A Guide to the CSS Cascade - wattenberger
https://wattenberger.com/blog/css-cascade
======
rekabis
What a lot of people completely miss is that a deep and comprehensive
understanding of the “cascade” part of CSS will make preprocessors like LESS
and SASS almost completely functionally worthless.

Why? Because by utilizing the cascade correctly, _you don’t need
preprocessors._

For example, one of the more prominent use cases of preprocessors encourages
you to employ variables to add the same font colour 50 times to 50 different
HTML elements. This needlessly bloats the CSS, leading to heavier server
loads, fewer site visitors served, and slower rendering on web browsers;
especially mobile and low-power devices. By using the cascade _correctly_,
that colour needs to be defined _once_. As in, even in the final published
product, there is only one `color` property in the entire css file. One. Not
50. One. Maybe two at most, if the design intentionally interrupts the cascade
of the font colour at some point or if an accent colour is used.
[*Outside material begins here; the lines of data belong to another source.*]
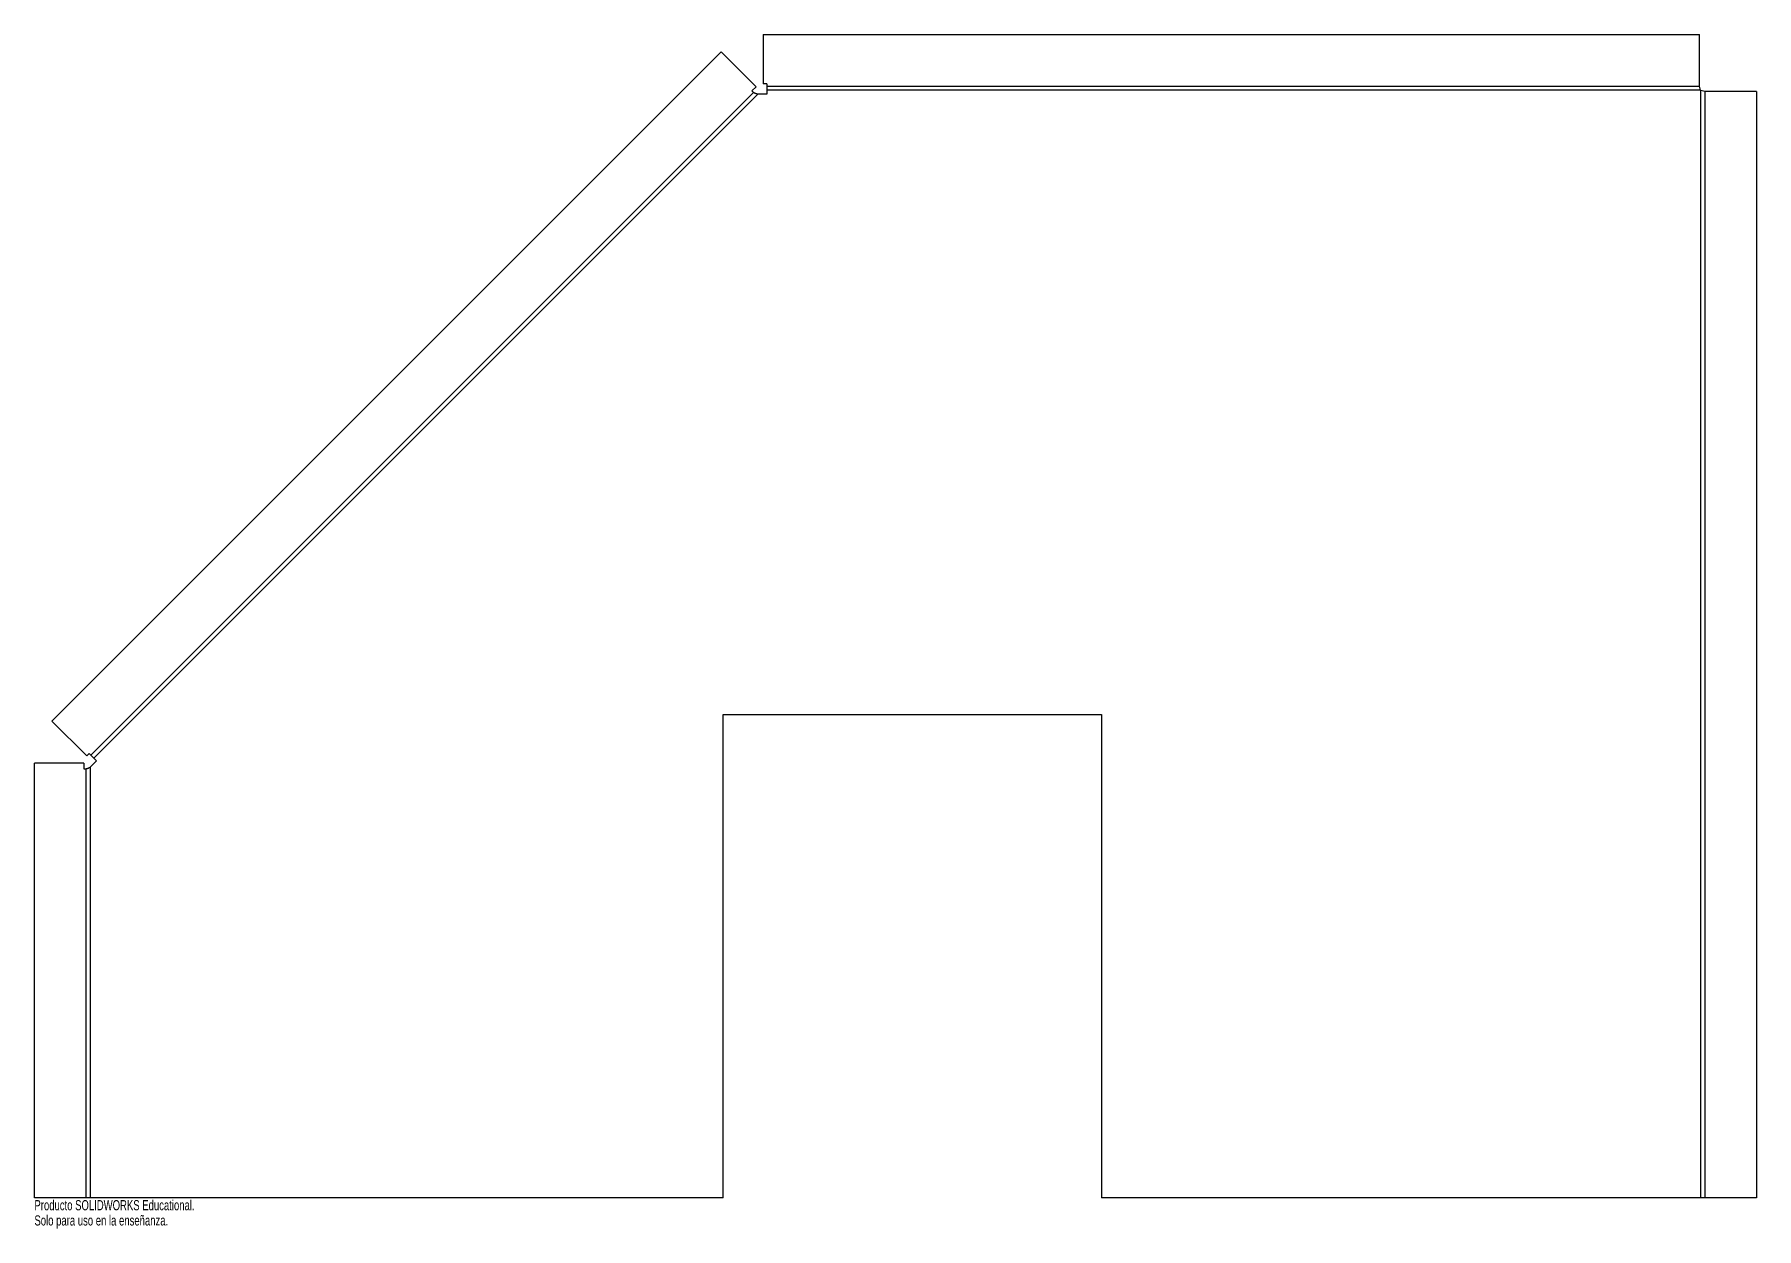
# Model space of a CAD drawing. Header units: millimetres. Extents: x -794 to 26, y -15 to 554.
import ezdxf

# ---------------------------------------------------------------- set-up
doc = ezdxf.new("R2010")
doc.units = ezdxf.units.MM
doc.styles.add('SLDTEXTSTYLE0', font='TXT', dxfattribs={"width": 0.7})

msp = doc.modelspace()

# ---------------------------------------------------------------- linework, layer by layer
at = {"color": 7, "linetype": 'Continuous', "lineweight": 25}
for p, q in [((-446.92, 553.7), (-446.92, 530.22)), ((-446.92, 553.7), (-1.41, 553.7)), ((-1.41, 529.13), (-1.41, 553.7)), ((-785.41, 226.94), (-466.94, 545.41)), ((-450.33, 528.8), (-466.94, 545.41)), ((-766.88, 210.72), (-451.52, 526.09)), ((-449.53, 525.28), (-765.49, 209.33)), ((-450.33, 528.8), (-452.28, 526.85)), ((-452.28, 526.85), (-451.52, 526.09)), ((-445.28, 525.28), (-449.53, 525.28)), ((-445.28, 530.22), (-446.92, 530.22)), ((-445.28, 530.22), (-445.28, 525.28)), ((-445.28, 529.13), (-1.41, 529.13)), ((-1.04, 527.16), (-445.28, 527.16)), ((-1.04, 527.16), (-1.41, 529.13)), ((-1.04, 526.96), (-1.04, 527.16)), ((-0.84, 526.96), (-1.04, 526.96)), ((-0.84, 0), (-0.84, 526.96)), ((1.13, 526.59), (-0.84, 526.96)), ((1.13, 526.59), (1.13, 0)), ((25.7, 526.59), (1.13, 526.59)), ((25.7, 526.59), (25.7, 0)), ((-466, 230), (-286, 230)), ((-466, 0), (-466, 230)), ((-286, 230), (-286, 0)), ((-785.41, 226.94), (-768.8, 210.33)), ((-793.7, 0), (-793.7, 206.92)), ((-770.22, 206.92), (-793.7, 206.92)), ((-770.22, 206.92), (-770.22, 204.16)), ((-767.65, 211.49), (-768.8, 210.33)), ((-767.65, 211.49), (-764.16, 208)), ((-764.16, 208), (-767.16, 204.99)), ((-767.16, 204.99), (-767.16, 0)), ((-770.22, 204.16), (-769.13, 204.16)), ((-769.13, 0), (-769.13, 204.16)), ((-466, 0), (-793.7, 0)), ((25.7, 0), (-286, 0))]:
    msp.add_line(p, q, dxfattribs=at)
for points in [[(-449.53, 525.28), (-449.63, 525.3), (-449.82, 525.35), (-450.1, 525.42), (-450.35, 525.49), (-450.59, 525.57), (-450.81, 525.66), (-451.02, 525.76), (-451.2, 525.86), (-451.37, 525.97), (-451.47, 526.05), (-451.52, 526.09)], [(-767.16, 204.99), (-767.25, 204.94), (-767.41, 204.83), (-767.66, 204.69), (-767.89, 204.56), (-768.12, 204.45), (-768.34, 204.36), (-768.55, 204.28), (-768.75, 204.22), (-768.94, 204.18), (-769.07, 204.17), (-769.13, 204.16)]]:
    msp.add_open_spline(points, degree=3, knots=[0, 0, 0, 0, 0.13893, 0.270332, 0.394387, 0.511311, 0.62136, 0.724844, 0.822133, 0.913673, 1, 1, 1, 1], dxfattribs=at)

# ---------------------------------------------------------------- texts
at = {"color": 7, "linetype": 'Continuous', "char_height": 4.8336, "attachment_point": 1, "style": 'SLDTEXTSTYLE0'}
for s, insert in [('Solo para uso en la enseñanza.', (-793.7, -8.27)), ('Producto SOLIDWORKS Educational.', (-793.7, -1.02))]:
    msp.add_mtext(s, dxfattribs=dict(at, insert=insert))

doc.saveas('drawing.dxf')

If you truly want to get good at CSS, avoid preprocessors completely. IMO they
exist purely to help less-skilled developers work around their ignorance and
lack of refined skills with CSS. Preprocessors are a shortcut, they are empty
calories, they are a crutch that will hobble and limit you. Preprocessors are
worse than training wheels - they are wheelchairs for perfectly healthy
people, and are equally as limiting.

How do I know this? I have been making web sites since the early 90s, and have
been using CSS on a near-daily frequency since it was first supported by a web
browser in 1996. That’s just shy of a quarter century’s experience building
style sheets for sites of all sizes, clear up to corporate and enterprise-
class sites serving up hundreds of thousands of web pages.

This article is a great first step. But for the sake of your web dev career,
don’t let it be your only step. Go beyond the scratched surface to uncover the
true power of the C in CSS.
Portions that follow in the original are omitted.